# Just Got Home From Dweezil Zappa



## Captainnumber36 (Jan 19, 2017)

I thought the Hot Rats part was the best part, and walked out early when they started doing more stuff with vocals. It was getting too non-sensical, which is to be expected from Zappa.

Sax girl stole the show on Gumbo Variations, Zappa tried to do a solo after her, and it just wasn't one the same level. That was my favorite part.

Camel sounded a bit weird, not like the studio version.

I had a good time, though, I'm glad I went.


----------



## starthrower (Dec 11, 2010)

Yeah, Sheila is a great musician. Too bad you walked out early. Last time I saw them they played for three hours. I liked everything but one song where they tried to be funny but weren't.


----------



## Captainnumber36 (Jan 19, 2017)

starthrower said:


> Yeah, Sheila is a great musician. Too bad you walked out early. Last time I saw them they played for three hours. I liked everything but one song where they tried to be funny but weren't.

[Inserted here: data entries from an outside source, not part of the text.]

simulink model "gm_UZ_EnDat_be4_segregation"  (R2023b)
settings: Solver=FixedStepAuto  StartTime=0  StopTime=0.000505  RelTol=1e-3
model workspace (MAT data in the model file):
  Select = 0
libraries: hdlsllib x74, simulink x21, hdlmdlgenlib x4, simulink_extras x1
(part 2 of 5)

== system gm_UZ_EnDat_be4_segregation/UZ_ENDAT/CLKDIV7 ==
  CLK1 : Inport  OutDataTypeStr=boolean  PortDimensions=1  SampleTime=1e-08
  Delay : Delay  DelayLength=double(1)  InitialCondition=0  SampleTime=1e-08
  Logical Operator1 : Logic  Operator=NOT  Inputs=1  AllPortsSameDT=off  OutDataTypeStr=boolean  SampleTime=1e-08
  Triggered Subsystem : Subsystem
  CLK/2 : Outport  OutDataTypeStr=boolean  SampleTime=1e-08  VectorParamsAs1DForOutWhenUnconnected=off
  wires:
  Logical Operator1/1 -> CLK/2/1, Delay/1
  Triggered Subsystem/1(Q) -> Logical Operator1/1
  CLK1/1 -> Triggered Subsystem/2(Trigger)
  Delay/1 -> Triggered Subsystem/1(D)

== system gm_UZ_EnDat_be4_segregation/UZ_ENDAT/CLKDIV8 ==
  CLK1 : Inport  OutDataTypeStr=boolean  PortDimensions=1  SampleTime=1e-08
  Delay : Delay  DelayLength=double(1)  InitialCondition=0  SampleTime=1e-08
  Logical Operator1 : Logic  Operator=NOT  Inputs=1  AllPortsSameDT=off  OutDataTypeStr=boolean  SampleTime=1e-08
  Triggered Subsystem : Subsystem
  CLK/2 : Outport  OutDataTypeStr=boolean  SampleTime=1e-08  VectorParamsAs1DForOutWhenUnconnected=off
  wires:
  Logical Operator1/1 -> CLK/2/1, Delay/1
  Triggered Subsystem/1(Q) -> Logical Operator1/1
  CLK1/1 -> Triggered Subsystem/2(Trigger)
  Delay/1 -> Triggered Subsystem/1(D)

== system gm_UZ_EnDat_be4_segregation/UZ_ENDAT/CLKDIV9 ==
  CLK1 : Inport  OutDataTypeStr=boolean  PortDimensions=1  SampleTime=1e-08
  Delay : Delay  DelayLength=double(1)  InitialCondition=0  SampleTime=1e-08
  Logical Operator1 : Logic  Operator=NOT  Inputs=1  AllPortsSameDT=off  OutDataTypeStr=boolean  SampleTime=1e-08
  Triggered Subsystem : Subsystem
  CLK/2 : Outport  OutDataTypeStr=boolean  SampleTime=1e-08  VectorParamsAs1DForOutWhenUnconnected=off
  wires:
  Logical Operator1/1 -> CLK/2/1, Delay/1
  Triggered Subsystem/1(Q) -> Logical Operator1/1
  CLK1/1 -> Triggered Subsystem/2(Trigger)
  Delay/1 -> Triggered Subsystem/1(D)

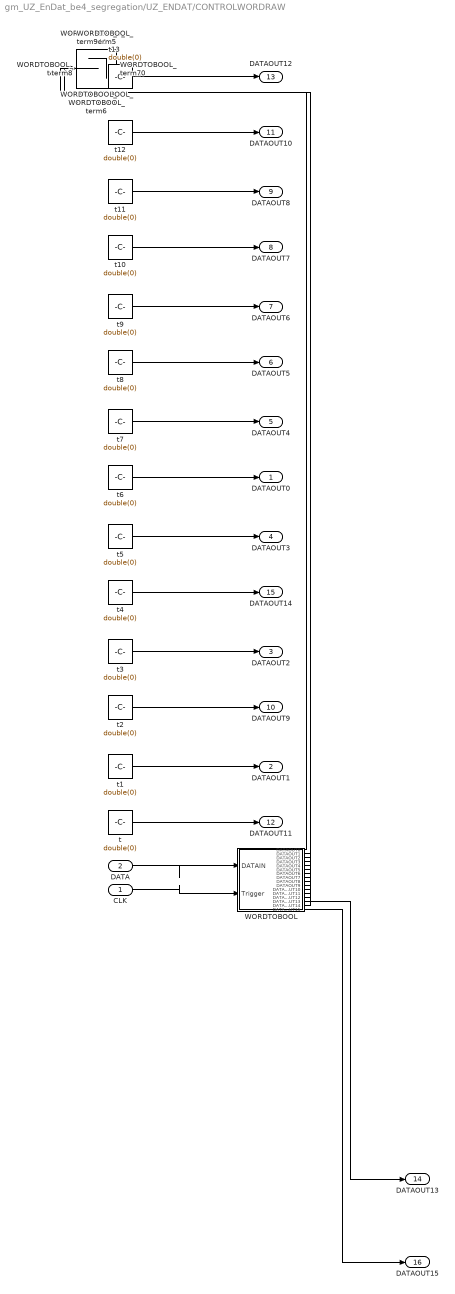
== system gm_UZ_EnDat_be4_segregation/UZ_ENDAT/CONTROLWORDRAW ==
  CLK : Inport  OutDataTypeStr=boolean  PortDimensions=1  SampleTime=1e-08
  DATA : Inport  Port=2  OutDataTypeStr=uint16  PortDimensions=1  SampleTime=1e-08
  WORDTOBOOL : Subsystem
  WORDTOBOOL_term{0..12,14} (14 alike) : Terminator
  t{,1..13} (14 alike) : Constant  Value=double(0)  OutDataTypeStr=boolean  SampleTime=1e-08
  DATAOUT0 : Outport  SampleTime=1e-08  VectorParamsAs1DForOutWhenUnconnected=off
  DATAOUT1 : Outport  Port=2  SampleTime=1e-08  VectorParamsAs1DForOutWhenUnconnected=off
  DATAOUT2 : Outport  Port=3  SampleTime=1e-08  VectorParamsAs1DForOutWhenUnconnected=off
  DATAOUT3 : Outport  Port=4  SampleTime=1e-08  VectorParamsAs1DForOutWhenUnconnected=off
  DATAOUT4 : Outport  Port=5  SampleTime=1e-08  VectorParamsAs1DForOutWhenUnconnected=off
  DATAOUT5 : Outport  Port=6  SampleTime=1e-08  VectorParamsAs1DForOutWhenUnconnected=off
  DATAOUT6 : Outport  Port=7  SampleTime=1e-08  VectorParamsAs1DForOutWhenUnconnected=off
  DATAOUT7 : Outport  Port=8  SampleTime=1e-08  VectorParamsAs1DForOutWhenUnconnected=off
  DATAOUT8 : Outport  Port=9  SampleTime=1e-08  VectorParamsAs1DForOutWhenUnconnected=off
  DATAOUT9 : Outport  Port=10  SampleTime=1e-08  VectorParamsAs1DForOutWhenUnconnected=off
  DATAOUT10 : Outport  Port=11  SampleTime=1e-08  VectorParamsAs1DForOutWhenUnconnected=off
  DATAOUT11 : Outport  Port=12  SampleTime=1e-08  VectorParamsAs1DForOutWhenUnconnected=off
  DATAOUT12 : Outport  Port=13  SampleTime=1e-08  VectorParamsAs1DForOutWhenUnconnected=off
  DATAOUT13 : Outport  Port=14  SampleTime=1e-08  VectorParamsAs1DForOutWhenUnconnected=off
  DATAOUT14 : Outport  Port=15  SampleTime=1e-08  VectorParamsAs1DForOutWhenUnconnected=off
  DATAOUT15 : Outport  Port=16  SampleTime=1e-08  VectorParamsAs1DForOutWhenUnconnected=off
  wires:
  CLK/1 -> WORDTOBOOL/2(Trigger)
  DATA/1 -> WORDTOBOOL/1(DATAIN)
  t6/1 -> DATAOUT0/1
  t1/1 -> DATAOUT1/1
  t3/1 -> DATAOUT2/1
  t5/1 -> DATAOUT3/1
  t7/1 -> DATAOUT4/1
  t8/1 -> DATAOUT5/1
  t9/1 -> DATAOUT6/1
  t10/1 -> DATAOUT7/1
  t11/1 -> DATAOUT8/1
  t2/1 -> DATAOUT9/1
  t12/1 -> DATAOUT10/1
  t/1 -> DATAOUT11/1
  t13/1 -> DATAOUT12/1
  WORDTOBOOL/14(DATAOUT13) -> DATAOUT13/1
  t4/1 -> DATAOUT14/1
  WORDTOBOOL/16(DATAOUT15) -> DATAOUT15/1
  WORDTOBOOL/1(DATAOUT0) -> WORDTOBOOL_term0/1
  WORDTOBOOL/2(DATAOUT1) -> WORDTOBOOL_term1/1
  WORDTOBOOL/3(DATAOUT2) -> WORDTOBOOL_term2/1
  WORDTOBOOL/4(DATAOUT3) -> WORDTOBOOL_term3/1
  WORDTOBOOL/5(DATAOUT4) -> WORDTOBOOL_term4/1
  WORDTOBOOL/6(DATAOUT5) -> WORDTOBOOL_term5/1
  WORDTOBOOL/7(DATAOUT6) -> WORDTOBOOL_term6/1
  WORDTOBOOL/8(DATAOUT7) -> WORDTOBOOL_term7/1
  WORDTOBOOL/9(DATAOUT8) -> WORDTOBOOL_term8/1
  WORDTOBOOL/10(DATAOUT9) -> WORDTOBOOL_term9/1
  WORDTOBOOL/11(DATAOUT10) -> WORDTOBOOL_term10/1
  WORDTOBOOL/12(DATAOUT11) -> WORDTOBOOL_term11/1
  WORDTOBOOL/13(DATAOUT12) -> WORDTOBOOL_term12/1
  WORDTOBOOL/15(DATAOUT14) -> WORDTOBOOL_term14/1

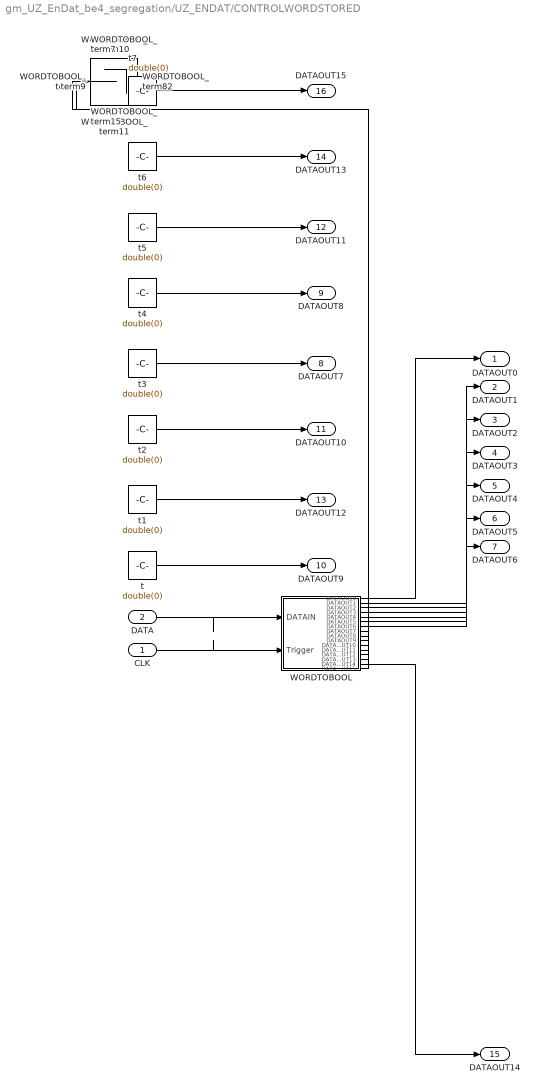
== system gm_UZ_EnDat_be4_segregation/UZ_ENDAT/CONTROLWORDSTORED ==
  CLK : Inport  OutDataTypeStr=boolean  PortDimensions=1  SampleTime=1e-08
  DATA : Inport  Port=2  OutDataTypeStr=uint16  PortDimensions=1  SampleTime=1e-08
  WORDTOBOOL : Subsystem
  WORDTOBOOL_term{7..13,15} (8 alike) : Terminator
  t{,1..7} (8 alike) : Constant  Value=double(0)  OutDataTypeStr=boolean  SampleTime=1e-08
  DATAOUT0 : Outport  SampleTime=1e-08  VectorParamsAs1DForOutWhenUnconnected=off
  DATAOUT1 : Outport  Port=2  SampleTime=1e-08  VectorParamsAs1DForOutWhenUnconnected=off
  DATAOUT2 : Outport  Port=3  SampleTime=1e-08  VectorParamsAs1DForOutWhenUnconnected=off
  DATAOUT3 : Outport  Port=4  SampleTime=1e-08  VectorParamsAs1DForOutWhenUnconnected=off
  DATAOUT4 : Outport  Port=5  SampleTime=1e-08  VectorParamsAs1DForOutWhenUnconnected=off
  DATAOUT5 : Outport  Port=6  SampleTime=1e-08  VectorParamsAs1DForOutWhenUnconnected=off
  DATAOUT6 : Outport  Port=7  SampleTime=1e-08  VectorParamsAs1DForOutWhenUnconnected=off
  DATAOUT7 : Outport  Port=8  SampleTime=1e-08  VectorParamsAs1DForOutWhenUnconnected=off
  DATAOUT8 : Outport  Port=9  SampleTime=1e-08  VectorParamsAs1DForOutWhenUnconnected=off
  DATAOUT9 : Outport  Port=10  SampleTime=1e-08  VectorParamsAs1DForOutWhenUnconnected=off
  DATAOUT10 : Outport  Port=11  SampleTime=1e-08  VectorParamsAs1DForOutWhenUnconnected=off
  DATAOUT11 : Outport  Port=12  SampleTime=1e-08  VectorParamsAs1DForOutWhenUnconnected=off
  DATAOUT12 : Outport  Port=13  SampleTime=1e-08  VectorParamsAs1DForOutWhenUnconnected=off
  DATAOUT13 : Outport  Port=14  SampleTime=1e-08  VectorParamsAs1DForOutWhenUnconnected=off
  DATAOUT14 : Outport  Port=15  SampleTime=1e-08  VectorParamsAs1DForOutWhenUnconnected=off
  DATAOUT15 : Outport  Port=16  SampleTime=1e-08  VectorParamsAs1DForOutWhenUnconnected=off
  wires:
  CLK/1 -> WORDTOBOOL/2(Trigger)
  DATA/1 -> WORDTOBOOL/1(DATAIN)
  WORDTOBOOL/1(DATAOUT0) -> DATAOUT0/1
  WORDTOBOOL/2(DATAOUT1) -> DATAOUT1/1
  WORDTOBOOL/3(DATAOUT2) -> DATAOUT2/1
  WORDTOBOOL/4(DATAOUT3) -> DATAOUT3/1
  WORDTOBOOL/5(DATAOUT4) -> DATAOUT4/1
  WORDTOBOOL/6(DATAOUT5) -> DATAOUT5/1
  WORDTOBOOL/7(DATAOUT6) -> DATAOUT6/1
  t3/1 -> DATAOUT7/1
  t4/1 -> DATAOUT8/1
  t/1 -> DATAOUT9/1
  t2/1 -> DATAOUT10/1
  t5/1 -> DATAOUT11/1
  t1/1 -> DATAOUT12/1
  t6/1 -> DATAOUT13/1
  WORDTOBOOL/15(DATAOUT14) -> DATAOUT14/1
  t7/1 -> DATAOUT15/1
  WORDTOBOOL/8(DATAOUT7) -> WORDTOBOOL_term7/1
  WORDTOBOOL/9(DATAOUT8) -> WORDTOBOOL_term8/1
  WORDTOBOOL/10(DATAOUT9) -> WORDTOBOOL_term9/1
  WORDTOBOOL/11(DATAOUT10) -> WORDTOBOOL_term10/1
  WORDTOBOOL/12(DATAOUT11) -> WORDTOBOOL_term11/1
  WORDTOBOOL/13(DATAOUT12) -> WORDTOBOOL_term12/1
  WORDTOBOOL/14(DATAOUT13) -> WORDTOBOOL_term13/1
  WORDTOBOOL/16(DATAOUT15) -> WORDTOBOOL_term15/1

== system gm_UZ_EnDat_be4_segregation/UZ_ENDAT/CRC_Check ==
  data : Inport  OutDataTypeStr=boolean  PortDimensions=1  SampleTime=1e-08
  set : Inport  Port=2  OutDataTypeStr=boolean  PortDimensions=1  SampleTime=1e-08
  clk : Inport  Port=3  OutDataTypeStr=boolean  PortDimensions=1  SampleTime=1e-08
  Constant : Constant  OutDataTypeStr=boolean  SampleTime=1e-08
  Constant1 : Constant  Value=0  OutDataTypeStr=boolean  SampleTime=1e-08
  FF0 : Subsystem
  FF0_term1 : Terminator
  FF1 : Subsystem
  FF1_term1 : Terminator
  FF2 : Subsystem
  FF2_term1 : Terminator
  FF3 : Subsystem
  FF3_term1 : Terminator
  FF4 : Subsystem
  Logical Operator : Logic  Operator=OR  AllPortsSameDT=off  OutDataTypeStr=boolean  SampleTime=1e-08
  Logical Operator{1..2,5..6} (4 alike) : Logic  AllPortsSameDT=off  OutDataTypeStr=boolean  SampleTime=1e-08
  Logical Operator3 : Logic  Operator=NOT  Inputs=1  AllPortsSameDT=off  OutDataTypeStr=boolean  SampleTime=1e-08
  Logical Operator4 : Logic  Operator=NOT  Inputs=1  AllPortsSameDT=off  OutDataTypeStr=boolean  SampleTime=1e-08
  Memory : UnitDelay  SampleTime=1e-08
  Memory1 : UnitDelay  SampleTime=1e-08
  Relational Operator : RelationalOperator  Operator===  OutDataTypeStr=boolean  SampleTime=1e-08  InputSameDT=off
  Relational Operator1 : RelationalOperator  Operator===  OutDataTypeStr=boolean  SampleTime=1e-08  InputSameDT=off
  Relational Operator2 : RelationalOperator  Operator===  OutDataTypeStr=boolean  SampleTime=1e-08  InputSameDT=off
  crc : Outport  SampleTime=1e-08
  wires:
  data/1 -> Logical Operator1/1, Relational Operator/2
  set/1 -> Logical Operator4/1, Logical Operator5/2, Logical Operator6/2
  clk/1 -> FF1/2(CLK), FF2/2(CLK), FF3/2(CLK), FF4/2(CLK), FF0/2(CLK)
  Constant/1 -> FF1/1(S), FF2/1(S), FF3/1(S), FF4/1(S), FF0/1(S)
  Constant1/1 -> FF1/4(R), FF2/4(R), FF3/4(R), FF4/4(R), FF0/4(R)
  FF0/2(NQ) -> FF0_term1/1
  FF1/2(NQ) -> FF1_term1/1
  FF2/2(NQ) -> FF2_term1/1
  FF3/2(NQ) -> FF3_term1/1
  FF4/2(NQ) -> Logical Operator2/1
  Logical Operator/1 -> crc/1
  Logical Operator1/1 -> Logical Operator/1
  Logical Operator2/1 -> Logical Operator/2
  Logical Operator3/1 -> Logical Operator1/2
  Logical Operator4/1 -> Logical Operator3/1, Logical Operator2/2
  Memory/1 -> Relational Operator1/2, Relational Operator2/2
  Logical Operator5/1 -> Memory1/1
  FF4/1(Q) -> Logical Operator5/1
  Logical Operator6/1 -> Memory/1
  Relational Operator/1 -> FF0/3(DATA), Logical Operator6/1
  Memory1/1 -> Relational Operator/1
  Relational Operator1/1 -> FF1/3(DATA)
  FF0/1(Q) -> Relational Operator1/1
  FF1/1(Q) -> FF2/3(DATA)
  Relational Operator2/1 -> FF3/3(DATA)
  FF2/1(Q) -> Relational Operator2/1
  FF3/1(Q) -> FF4/3(DATA)

== system gm_UZ_EnDat_be4_segregation/UZ_ENDAT/Compare To Constant ==
  u : Inport  OutDataTypeStr=fixdt(0,4,0,'DataTypeOverride', 'Off')  SampleTime=1e-08
  Compare : RelationalOperator  Operator===  OutDataTypeStr=boolean
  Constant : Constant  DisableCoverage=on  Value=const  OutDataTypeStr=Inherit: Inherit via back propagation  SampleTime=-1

That's how I felt about most everything I was hearing after Hot Rats.


----------



## millionrainbows (Jun 23, 2012)

I hope you realize that you were seeing a guitarist who is at the forefront of guitar technique & technology. What's left after that, boy bands?


----------



## starthrower (Dec 11, 2010)

Now, now, Million. Don't be so indignant. Not everyone's a guitar head. I go for the band and the compositions. As good as Dweezil is, he's not Frank. And all his technique and electronic kizmos don't move me like an FZ solo.


----------